### Task to complete
Start at the line below containing "#202=DIRECTION('',(0.,1.,0.));" and stop at the line containing "#233=CARTESIAN_POINT('',(15.,0.,26.5));". Repeat every line of that stretch exactly, and nothing outside it.
(Record excerpts Opens)
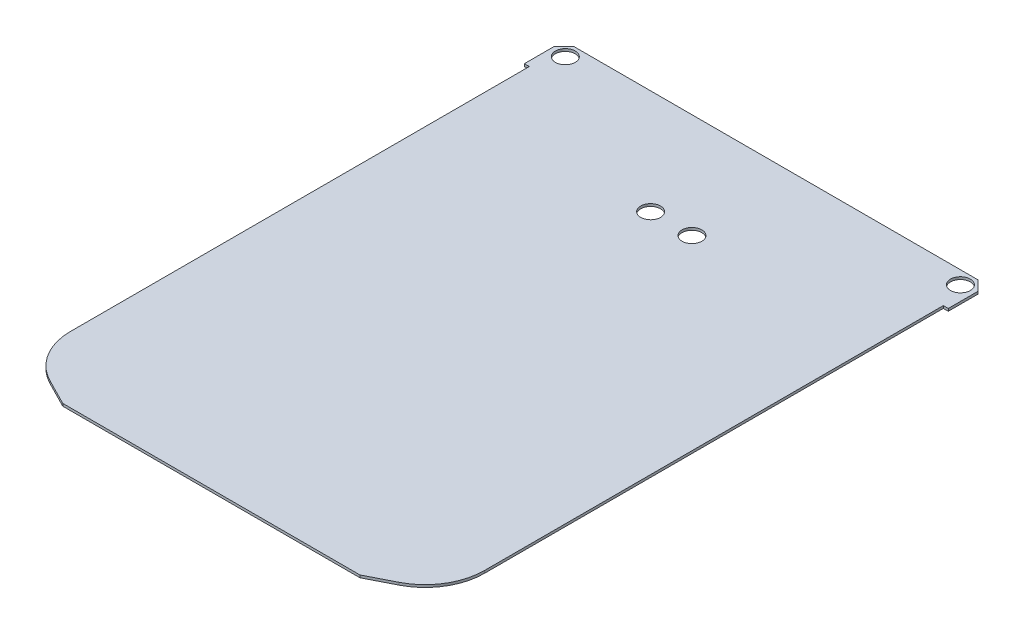
ISO-10303-21;
HEADER;
FILE_DESCRIPTION(('STEP AP214'),'2;1');
FILE_NAME('part.step','',(''),(''),'','','');
FILE_SCHEMA(('AUTOMOTIVE_DESIGN { 1 0 10303 214 1 1 1 1 }'));
ENDSEC;
DATA;
#1=APPLICATION_CONTEXT('core data for automotive mechanical design processes');
#2=APPLICATION_PROTOCOL_DEFINITION('international standard','automotive_design',2000,#1);
#3=PRODUCT_CONTEXT('',#1,'mechanical');
#4=PRODUCT('Part','Part','',(#3));
#5=PRODUCT_RELATED_PRODUCT_CATEGORY('part','',(#4));
#6=PRODUCT_DEFINITION_FORMATION('','',#4);
#7=PRODUCT_DEFINITION_CONTEXT('part definition',#1,'design');
#8=PRODUCT_DEFINITION('design','',#6,#7);
#9=PRODUCT_DEFINITION_SHAPE('','',#8);
#10=(LENGTH_UNIT() NAMED_UNIT(*) SI_UNIT(.MILLI.,.METRE.));
#11=(NAMED_UNIT(*) PLANE_ANGLE_UNIT() SI_UNIT($,.RADIAN.));
#12=(NAMED_UNIT(*) SI_UNIT($,.STERADIAN.) SOLID_ANGLE_UNIT());
#13=UNCERTAINTY_MEASURE_WITH_UNIT(LENGTH_MEASURE(1.E-05),#10,'distance_accuracy_value','');
#14=(GEOMETRIC_REPRESENTATION_CONTEXT(3) GLOBAL_UNCERTAINTY_ASSIGNED_CONTEXT((#13)) GLOBAL_UNIT_ASSIGNED_CONTEXT((#10,
#11,#12)) REPRESENTATION_CONTEXT('',''));
#15=CARTESIAN_POINT('',(0.,0.,0.));
#16=DIRECTION('',(0.,0.,1.));
#17=DIRECTION('',(1.,0.,0.));
#18=AXIS2_PLACEMENT_3D('',#15,#16,#17);
#19=CARTESIAN_POINT('',(0.,0.25,0.));
#20=DIRECTION('',(0.,1.,0.));
#21=DIRECTION('',(0.,0.,1.));
#22=AXIS2_PLACEMENT_3D('',#19,#20,#21);
#23=PLANE('',#22);
#24=CARTESIAN_POINT('',(-2.08453018887491,0.25,-19.9344650756313));
#25=DIRECTION('',(0.,1.,0.));
#26=DIRECTION('',(0.,0.,1.));
#27=AXIS2_PLACEMENT_3D('',#24,#25,#26);
#28=CIRCLE('',#27,1.);
#29=CARTESIAN_POINT('',(-2.08453018887491,0.25,-18.9344650756313));
#30=VERTEX_POINT('',#29);
#31=EDGE_CURVE('E170',#30,#30,#28,.T.);
#32=ORIENTED_EDGE('',*,*,#31,.F.);
#33=EDGE_LOOP('',(#32));
#34=FACE_BOUND('',#33,.T.);
#35=CARTESIAN_POINT('',(2.08453018887492,0.25,-19.9344650756313));
#36=DIRECTION('',(0.,1.,0.));
#37=DIRECTION('',(0.,0.,1.));
#38=AXIS2_PLACEMENT_3D('',#35,#36,#37);
#39=CIRCLE('',#38,1.);
#40=CARTESIAN_POINT('',(2.08453018887492,0.25,-18.9344650756312));
#41=VERTEX_POINT('',#40);
#42=EDGE_CURVE('E275',#41,#41,#39,.T.);
#43=ORIENTED_EDGE('',*,*,#42,.F.);
#44=EDGE_LOOP('',(#43));
#45=FACE_BOUND('',#44,.T.);
#46=CARTESIAN_POINT('',(19.9443650813896,0.25,-29.1813924256585));
#47=DIRECTION('',(0.,1.,0.));
#48=DIRECTION('',(0.,0.,-1.));
#49=AXIS2_PLACEMENT_3D('',#46,#47,#48);
#50=CIRCLE('',#49,1.00000000000001);
#51=CARTESIAN_POINT('',(19.9443650813896,0.25,-30.1813924256585));
#52=VERTEX_POINT('',#51);
#53=EDGE_CURVE('E262',#52,#52,#50,.T.);
#54=ORIENTED_EDGE('',*,*,#53,.F.);
#55=EDGE_LOOP('',(#54));
#56=FACE_BOUND('',#55,.T.);
#57=DIRECTION('',(0.891385130206805,0.,-0.453246676376339));
#58=VECTOR('',#57,1.);
#59=CARTESIAN_POINT('',(15.,0.25,26.5));
#60=LINE('',#59,#58);
#61=CARTESIAN_POINT('',(15.,0.25,26.5));
#62=VERTEX_POINT('',#61);
#63=CARTESIAN_POINT('',(17.619480058258,0.25,25.1680609873264));
#64=VERTEX_POINT('',#63);
#65=EDGE_CURVE('E245',#62,#64,#60,.T.);
#66=ORIENTED_EDGE('',*,*,#65,.T.);
#67=CARTESIAN_POINT('',(14.9,0.25,19.8197502060856));
#68=DIRECTION('',(0.,1.,0.));
#69=DIRECTION('',(0.,0.,1.));
#70=AXIS2_PLACEMENT_3D('',#67,#68,#69);
#71=CIRCLE('',#70,6.);
#72=CARTESIAN_POINT('',(20.9,0.25,19.8197502060856));
#73=VERTEX_POINT('',#72);
#74=EDGE_CURVE('E180',#64,#73,#71,.T.);
#75=ORIENTED_EDGE('',*,*,#74,.T.);
#76=DIRECTION('',(0.,0.,-1.));
#77=VECTOR('',#76,1.);
#78=CARTESIAN_POINT('',(20.9,0.25,23.5));
#79=LINE('',#78,#77);
#80=CARTESIAN_POINT('',(20.9,0.25,-26.5));
#81=VERTEX_POINT('',#80);
#82=EDGE_CURVE('E247',#73,#81,#79,.T.);
#83=ORIENTED_EDGE('',*,*,#82,.T.);
#84=DIRECTION('',(1.,0.,0.));
#85=VECTOR('',#84,1.);
#86=CARTESIAN_POINT('',(21.4,0.25,-26.5));
#87=LINE('',#86,#85);
#88=CARTESIAN_POINT('',(21.4,0.25,-26.5));
#89=VERTEX_POINT('',#88);
#90=EDGE_CURVE('E253',#81,#89,#87,.T.);
#91=ORIENTED_EDGE('',*,*,#90,.T.);
#92=DIRECTION('',(0.,0.,-1.));
#93=VECTOR('',#92,1.);
#94=CARTESIAN_POINT('',(21.4,0.25,-29.5));
#95=LINE('',#94,#93);
#96=CARTESIAN_POINT('',(21.4,0.25,-29.5));
#97=VERTEX_POINT('',#96);
#98=EDGE_CURVE('E255',#89,#97,#95,.T.);
#99=ORIENTED_EDGE('',*,*,#98,.T.);
#100=DIRECTION('',(-0.707106781186546,0.,-0.707106781186549));
#101=VECTOR('',#100,1.);
#102=CARTESIAN_POINT('',(21.4,0.25,-29.5));
#103=LINE('',#102,#101);
#104=CARTESIAN_POINT('',(20.4,0.25,-30.5));
#105=VERTEX_POINT('',#104);
#106=EDGE_CURVE('E257',#97,#105,#103,.T.);
#107=ORIENTED_EDGE('',*,*,#106,.T.);
#108=DIRECTION('',(-1.,0.,0.));
#109=VECTOR('',#108,1.);
#110=CARTESIAN_POINT('',(-20.4,0.25,-30.5));
#111=LINE('',#110,#109);
#112=CARTESIAN_POINT('',(-20.4,0.25,-30.5));
#113=VERTEX_POINT('',#112);
#114=EDGE_CURVE('E259',#105,#113,#111,.T.);
#115=ORIENTED_EDGE('',*,*,#114,.T.);
#116=DIRECTION('',(-0.707106781186544,0.,0.707106781186551));
#117=VECTOR('',#116,1.);
#118=CARTESIAN_POINT('',(-21.4,0.25,-29.5));
#119=LINE('',#118,#117);
#120=CARTESIAN_POINT('',(-21.4,0.25,-29.5));
#121=VERTEX_POINT('',#120);
#122=EDGE_CURVE('E148',#113,#121,#119,.T.);
#123=ORIENTED_EDGE('',*,*,#122,.T.);
#124=DIRECTION('',(0.,0.,1.));
#125=VECTOR('',#124,1.);
#126=CARTESIAN_POINT('',(-21.4,0.25,-29.5));
#127=LINE('',#126,#125);
#128=CARTESIAN_POINT('',(-21.4,0.25,-26.5));
#129=VERTEX_POINT('',#128);
#130=EDGE_CURVE('E142',#121,#129,#127,.T.);
#131=ORIENTED_EDGE('',*,*,#130,.T.);
#132=DIRECTION('',(1.,0.,0.));
#133=VECTOR('',#132,1.);
#134=CARTESIAN_POINT('',(-21.4,0.25,-26.5));
#135=LINE('',#134,#133);
#136=CARTESIAN_POINT('',(-20.9,0.25,-26.5));
#137=VERTEX_POINT('',#136);
#138=EDGE_CURVE('E133',#129,#137,#135,.T.);
#139=ORIENTED_EDGE('',*,*,#138,.T.);
#140=DIRECTION('',(0.,0.,1.));
#141=VECTOR('',#140,1.);
#142=CARTESIAN_POINT('',(-20.9,0.25,-26.5));
#143=LINE('',#142,#141);
#144=CARTESIAN_POINT('',(-20.9,0.25,19.8197502060856));
#145=VERTEX_POINT('',#144);
#146=EDGE_CURVE('E141',#137,#145,#143,.T.);
#147=ORIENTED_EDGE('',*,*,#146,.T.);
#148=CARTESIAN_POINT('',(-14.9,0.25,19.8197502060856));
#149=DIRECTION('',(0.,1.,0.));
#150=DIRECTION('',(0.,0.,1.));
#151=AXIS2_PLACEMENT_3D('',#148,#149,#150);
#152=CIRCLE('',#151,6.);
#153=CARTESIAN_POINT('',(-17.619480058258,0.25,25.1680609873264));
#154=VERTEX_POINT('',#153);
#155=EDGE_CURVE('E47',#145,#154,#152,.T.);
#156=ORIENTED_EDGE('',*,*,#155,.T.);
#157=DIRECTION('',(0.891385130206805,0.,0.453246676376339));
#158=VECTOR('',#157,1.);
#159=CARTESIAN_POINT('',(-20.9,0.25,23.5));
#160=LINE('',#159,#158);
#161=CARTESIAN_POINT('',(-15.,0.25,26.5));
#162=VERTEX_POINT('',#161);
#163=EDGE_CURVE('E189',#154,#162,#160,.T.);
#164=ORIENTED_EDGE('',*,*,#163,.T.);
#165=DIRECTION('',(1.,0.,0.));
#166=VECTOR('',#165,1.);
#167=CARTESIAN_POINT('',(-15.,0.25,26.5));
#168=LINE('',#167,#166);
#169=EDGE_CURVE('E243',#162,#62,#168,.T.);
#170=ORIENTED_EDGE('',*,*,#169,.T.);
#171=EDGE_LOOP('',(#66,#75,#83,#91,#99,#107,#115,#123,#131,#139,#147,#156,#164,#170));
#172=FACE_BOUND('',#171,.T.);
#173=CARTESIAN_POINT('',(-19.9443650813896,0.25,-29.1813924256585));
#174=DIRECTION('',(0.,1.,0.));
#175=DIRECTION('',(0.,0.,1.));
#176=AXIS2_PLACEMENT_3D('',#173,#174,#175);
#177=CIRCLE('',#176,0.999999999999998);
#178=CARTESIAN_POINT('',(-19.9443650813896,0.25,-28.1813924256585));
#179=VERTEX_POINT('',#178);
#180=EDGE_CURVE('E268',#179,#179,#177,.T.);
#181=ORIENTED_EDGE('',*,*,#180,.F.);
#182=EDGE_LOOP('',(#181));
#183=FACE_BOUND('',#182,.T.);
#184=ADVANCED_FACE('F32',(#34,#45,#56,#172,#183),#23,.T.);
#185=CARTESIAN_POINT('',(0.,0.,0.));
#186=DIRECTION('',(0.,1.,0.));
#187=DIRECTION('',(0.,0.,1.));
#188=AXIS2_PLACEMENT_3D('',#185,#186,#187);
#189=PLANE('',#188);
#190=CARTESIAN_POINT('',(-2.08453018887491,0.,-19.9344650756313));
#191=DIRECTION('',(0.,1.,0.));
#192=DIRECTION('',(0.,0.,1.));
#193=AXIS2_PLACEMENT_3D('',#190,#191,#192);
#194=CIRCLE('',#193,1.);
#195=CARTESIAN_POINT('',(-2.08453018887491,0.,-18.9344650756313));
#196=VERTEX_POINT('',#195);
#197=EDGE_CURVE('E169',#196,#196,#194,.T.);
#198=ORIENTED_EDGE('',*,*,#197,.T.);
#199=EDGE_LOOP('',(#198));
#200=FACE_BOUND('',#199,.T.);
#201=CARTESIAN_POINT('',(2.08453018887492,0.,-19.9344650756313));
#202=DIRECTION('',(0.,1.,0.));
#203=DIRECTION('',(0.,0.,1.));
#204=AXIS2_PLACEMENT_3D('',#201,#202,#203);
#205=CIRCLE('',#204,1.);
#206=CARTESIAN_POINT('',(2.08453018887492,0.,-18.9344650756312));
#207=VERTEX_POINT('',#206);
#208=EDGE_CURVE('E166',#207,#207,#205,.T.);
#209=ORIENTED_EDGE('',*,*,#208,.T.);
#210=EDGE_LOOP('',(#209));
#211=FACE_BOUND('',#210,.T.);
#212=DIRECTION('',(0.,0.,-1.));
#213=VECTOR('',#212,1.);
#214=CARTESIAN_POINT('',(20.9,0.,23.5));
#215=LINE('',#214,#213);
#216=CARTESIAN_POINT('',(20.9,0.,19.8197502060856));
#217=VERTEX_POINT('',#216);
#218=CARTESIAN_POINT('',(20.9,0.,-26.5));
#219=VERTEX_POINT('',#218);
#220=EDGE_CURVE('E209',#217,#219,#215,.T.);
#221=ORIENTED_EDGE('',*,*,#220,.F.);
#222=CARTESIAN_POINT('',(14.9,0.,19.8197502060856));
#223=DIRECTION('',(0.,1.,0.));
#224=DIRECTION('',(0.,0.,1.));
#225=AXIS2_PLACEMENT_3D('',#222,#223,#224);
#226=CIRCLE('',#225,6.);
#227=CARTESIAN_POINT('',(17.619480058258,0.,25.1680609873264));
#228=VERTEX_POINT('',#227);
#229=EDGE_CURVE('E175',#217,#228,#226,.F.);
#230=ORIENTED_EDGE('',*,*,#229,.T.);
#231=DIRECTION('',(0.891385130206805,0.,-0.453246676376339));
#232=VECTOR('',#231,1.);
#233=CARTESIAN_POINT('',(15.,0.,26.5));
#234=LINE('',#233,#232);
#235=CARTESIAN_POINT('',(15.,0.,26.5));
#236=VERTEX_POINT('',#235);
#237=EDGE_CURVE('E201',#236,#228,#234,.T.);
#238=ORIENTED_EDGE('',*,*,#237,.F.);
#239=DIRECTION('',(1.,0.,0.));
#240=VECTOR('',#239,1.);
#241=CARTESIAN_POINT('',(-15.,0.,26.5));
#242=LINE('',#241,#240);
#243=CARTESIAN_POINT('',(-15.,0.,26.5));
#244=VERTEX_POINT('',#243);
#245=EDGE_CURVE('E198',#244,#236,#242,.T.);
#246=ORIENTED_EDGE('',*,*,#245,.F.);
#247=DIRECTION('',(0.891385130206805,0.,0.453246676376339));
#248=VECTOR('',#247,1.);
#249=CARTESIAN_POINT('',(-20.9,0.,23.5));
#250=LINE('',#249,#248);
#251=CARTESIAN_POINT('',(-17.619480058258,0.,25.1680609873264));
#252=VERTEX_POINT('',#251);
#253=EDGE_CURVE('E187',#252,#244,#250,.T.);
#254=ORIENTED_EDGE('',*,*,#253,.F.);
#255=CARTESIAN_POINT('',(-14.9,0.,19.8197502060856));
#256=DIRECTION('',(0.,1.,0.));
#257=DIRECTION('',(0.,0.,1.));
#258=AXIS2_PLACEMENT_3D('',#255,#256,#257);
#259=CIRCLE('',#258,6.);
#260=CARTESIAN_POINT('',(-20.9,0.,19.8197502060856));
#261=VERTEX_POINT('',#260);
#262=EDGE_CURVE('E160',#252,#261,#259,.F.);
#263=ORIENTED_EDGE('',*,*,#262,.T.);
#264=DIRECTION('',(0.,0.,1.));
#265=VECTOR('',#264,1.);
#266=CARTESIAN_POINT('',(-20.9,0.,-26.5));
#267=LINE('',#266,#265);
#268=CARTESIAN_POINT('',(-20.9,0.,-26.5));
#269=VERTEX_POINT('',#268);
#270=EDGE_CURVE('E199',#269,#261,#267,.T.);
#271=ORIENTED_EDGE('',*,*,#270,.F.);
#272=DIRECTION('',(1.,0.,0.));
#273=VECTOR('',#272,1.);
#274=CARTESIAN_POINT('',(-21.4,0.,-26.5));
#275=LINE('',#274,#273);
#276=CARTESIAN_POINT('',(-21.4,0.,-26.5));
#277=VERTEX_POINT('',#276);
#278=EDGE_CURVE('E203',#277,#269,#275,.T.);
#279=ORIENTED_EDGE('',*,*,#278,.F.);
#280=DIRECTION('',(0.,0.,1.));
#281=VECTOR('',#280,1.);
#282=CARTESIAN_POINT('',(-21.4,0.,-29.5));
#283=LINE('',#282,#281);
#284=CARTESIAN_POINT('',(-21.4,0.,-29.5));
#285=VERTEX_POINT('',#284);
#286=EDGE_CURVE('E156',#285,#277,#283,.T.);
#287=ORIENTED_EDGE('',*,*,#286,.F.);
#288=DIRECTION('',(-0.707106781186544,0.,0.707106781186551));
#289=VECTOR('',#288,1.);
#290=CARTESIAN_POINT('',(-21.4,0.,-29.5));
#291=LINE('',#290,#289);
#292=CARTESIAN_POINT('',(-20.4,0.,-30.5));
#293=VERTEX_POINT('',#292);
#294=EDGE_CURVE('E152',#293,#285,#291,.T.);
#295=ORIENTED_EDGE('',*,*,#294,.F.);
#296=DIRECTION('',(-1.,0.,0.));
#297=VECTOR('',#296,1.);
#298=CARTESIAN_POINT('',(-20.4,0.,-30.5));
#299=LINE('',#298,#297);
#300=CARTESIAN_POINT('',(20.4,0.,-30.5));
#301=VERTEX_POINT('',#300);
#302=EDGE_CURVE('E217',#301,#293,#299,.T.);
#303=ORIENTED_EDGE('',*,*,#302,.F.);
#304=DIRECTION('',(-0.707106781186546,0.,-0.707106781186549));
#305=VECTOR('',#304,1.);
#306=CARTESIAN_POINT('',(21.4,0.,-29.5));
#307=LINE('',#306,#305);
#308=CARTESIAN_POINT('',(21.4,0.,-29.5));
#309=VERTEX_POINT('',#308);
#310=EDGE_CURVE('E215',#309,#301,#307,.T.);
#311=ORIENTED_EDGE('',*,*,#310,.F.);
#312=DIRECTION('',(0.,0.,-1.));
#313=VECTOR('',#312,1.);
#314=CARTESIAN_POINT('',(21.4,0.,-29.5));
#315=LINE('',#314,#313);
#316=CARTESIAN_POINT('',(21.4,0.,-26.5));
#317=VERTEX_POINT('',#316);
#318=EDGE_CURVE('E213',#317,#309,#315,.T.);
#319=ORIENTED_EDGE('',*,*,#318,.F.);
#320=DIRECTION('',(1.,0.,0.));
#321=VECTOR('',#320,1.);
#322=CARTESIAN_POINT('',(21.4,0.,-26.5));
#323=LINE('',#322,#321);
#324=EDGE_CURVE('E211',#219,#317,#323,.T.);
#325=ORIENTED_EDGE('',*,*,#324,.F.);
#326=EDGE_LOOP('',(#221,#230,#238,#246,#254,#263,#271,#279,#287,#295,#303,#311,#319,#325));
#327=FACE_BOUND('',#326,.T.);
#328=CARTESIAN_POINT('',(19.9443650813896,0.,-29.1813924256585));
#329=DIRECTION('',(0.,1.,0.));
#330=DIRECTION('',(0.,0.,-1.));
#331=AXIS2_PLACEMENT_3D('',#328,#329,#330);
#332=CIRCLE('',#331,1.00000000000001);
#333=CARTESIAN_POINT('',(19.9443650813896,0.,-30.1813924256585));
#334=VERTEX_POINT('',#333);
#335=EDGE_CURVE('E265',#334,#334,#332,.T.);
#336=ORIENTED_EDGE('',*,*,#335,.T.);
#337=EDGE_LOOP('',(#336));
#338=FACE_BOUND('',#337,.T.);
#339=CARTESIAN_POINT('',(-19.9443650813896,0.,-29.1813924256585));
#340=DIRECTION('',(0.,1.,0.));
#341=DIRECTION('',(0.,0.,1.));
#342=AXIS2_PLACEMENT_3D('',#339,#340,#341);
#343=CIRCLE('',#342,0.999999999999998);
#344=CARTESIAN_POINT('',(-19.9443650813896,0.,-28.1813924256585));
#345=VERTEX_POINT('',#344);
#346=EDGE_CURVE('E172',#345,#345,#343,.T.);
#347=ORIENTED_EDGE('',*,*,#346,.T.);
#348=EDGE_LOOP('',(#347));
#349=FACE_BOUND('',#348,.T.);
#350=ADVANCED_FACE('F194',(#200,#211,#327,#338,#349),#189,.F.);
#351=CARTESIAN_POINT('',(-21.4,0.25,-29.5));
#352=DIRECTION('',(1.,0.,0.));
#353=DIRECTION('',(0.,0.,-1.));
#354=AXIS2_PLACEMENT_3D('',#351,#352,#353);
#355=PLANE('',#354);
#356=ORIENTED_EDGE('',*,*,#286,.T.);
#357=DIRECTION('',(0.,-1.,0.));
#358=VECTOR('',#357,1.);
#359=CARTESIAN_POINT('',(-21.4,0.25,-26.5));
#360=LINE('',#359,#358);
#361=EDGE_CURVE('E137',#129,#277,#360,.T.);
#362=ORIENTED_EDGE('',*,*,#361,.F.);
#363=ORIENTED_EDGE('',*,*,#130,.F.);
#364=DIRECTION('',(0.,-1.,0.));
#365=VECTOR('',#364,1.);
#366=CARTESIAN_POINT('',(-21.4,0.25,-29.5));
#367=LINE('',#366,#365);
#368=EDGE_CURVE('E220',#121,#285,#367,.T.);
#369=ORIENTED_EDGE('',*,*,#368,.T.);
#370=EDGE_LOOP('',(#356,#362,#363,#369));
#371=FACE_BOUND('',#370,.T.);
#372=ADVANCED_FACE('F154',(#371),#355,.F.);
#373=CARTESIAN_POINT('',(-21.4,0.25,-26.5));
#374=DIRECTION('',(0.,0.,-1.));
#375=DIRECTION('',(-1.,0.,0.));
#376=AXIS2_PLACEMENT_3D('',#373,#374,#375);
#377=PLANE('',#376);
#378=ORIENTED_EDGE('',*,*,#278,.T.);
#379=DIRECTION('',(0.,-1.,0.));
#380=VECTOR('',#379,1.);
#381=CARTESIAN_POINT('',(-20.9,0.25,-26.5));
#382=LINE('',#381,#380);
#383=EDGE_CURVE('E140',#137,#269,#382,.T.);
#384=ORIENTED_EDGE('',*,*,#383,.F.);
#385=ORIENTED_EDGE('',*,*,#138,.F.);
#386=ORIENTED_EDGE('',*,*,#361,.T.);
#387=EDGE_LOOP('',(#378,#384,#385,#386));
#388=FACE_BOUND('',#387,.T.);
#389=ADVANCED_FACE('F135',(#388),#377,.F.);
#390=CARTESIAN_POINT('',(-20.9,0.25,-26.5));
#391=DIRECTION('',(1.,0.,0.));
#392=DIRECTION('',(0.,0.,-1.));
#393=AXIS2_PLACEMENT_3D('',#390,#391,#392);
#394=PLANE('',#393);
#395=ORIENTED_EDGE('',*,*,#270,.T.);
#396=DIRECTION('',(0.,-1.,0.));
#397=VECTOR('',#396,1.);
#398=CARTESIAN_POINT('',(-20.9,0.25,19.8197502060856));
#399=LINE('',#398,#397);
#400=EDGE_CURVE('E11',#261,#145,#399,.F.);
#401=ORIENTED_EDGE('',*,*,#400,.T.);
#402=ORIENTED_EDGE('',*,*,#146,.F.);
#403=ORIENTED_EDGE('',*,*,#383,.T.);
(Record excerpts Closes)
### Problem solution
#202=DIRECTION('',(0.,1.,0.));
#203=DIRECTION('',(0.,0.,1.));
#204=AXIS2_PLACEMENT_3D('',#201,#202,#203);
#205=CIRCLE('',#204,1.);
#206=CARTESIAN_POINT('',(2.08453018887492,0.,-18.9344650756312));
#207=VERTEX_POINT('',#206);
#208=EDGE_CURVE('E166',#207,#207,#205,.T.);
#209=ORIENTED_EDGE('',*,*,#208,.T.);
#210=EDGE_LOOP('',(#209));
#211=FACE_BOUND('',#210,.T.);
#212=DIRECTION('',(0.,0.,-1.));
#213=VECTOR('',#212,1.);
#214=CARTESIAN_POINT('',(20.9,0.,23.5));
#215=LINE('',#214,#213);
#216=CARTESIAN_POINT('',(20.9,0.,19.8197502060856));
#217=VERTEX_POINT('',#216);
#218=CARTESIAN_POINT('',(20.9,0.,-26.5));
#219=VERTEX_POINT('',#218);
#220=EDGE_CURVE('E209',#217,#219,#215,.T.);
#221=ORIENTED_EDGE('',*,*,#220,.F.);
#222=CARTESIAN_POINT('',(14.9,0.,19.8197502060856));
#223=DIRECTION('',(0.,1.,0.));
#224=DIRECTION('',(0.,0.,1.));
#225=AXIS2_PLACEMENT_3D('',#222,#223,#224);
#226=CIRCLE('',#225,6.);
#227=CARTESIAN_POINT('',(17.619480058258,0.,25.1680609873264));
#228=VERTEX_POINT('',#227);
#229=EDGE_CURVE('E175',#217,#228,#226,.F.);
#230=ORIENTED_EDGE('',*,*,#229,.T.);
#231=DIRECTION('',(0.891385130206805,0.,-0.453246676376339));
#232=VECTOR('',#231,1.);
#233=CARTESIAN_POINT('',(15.,0.,26.5));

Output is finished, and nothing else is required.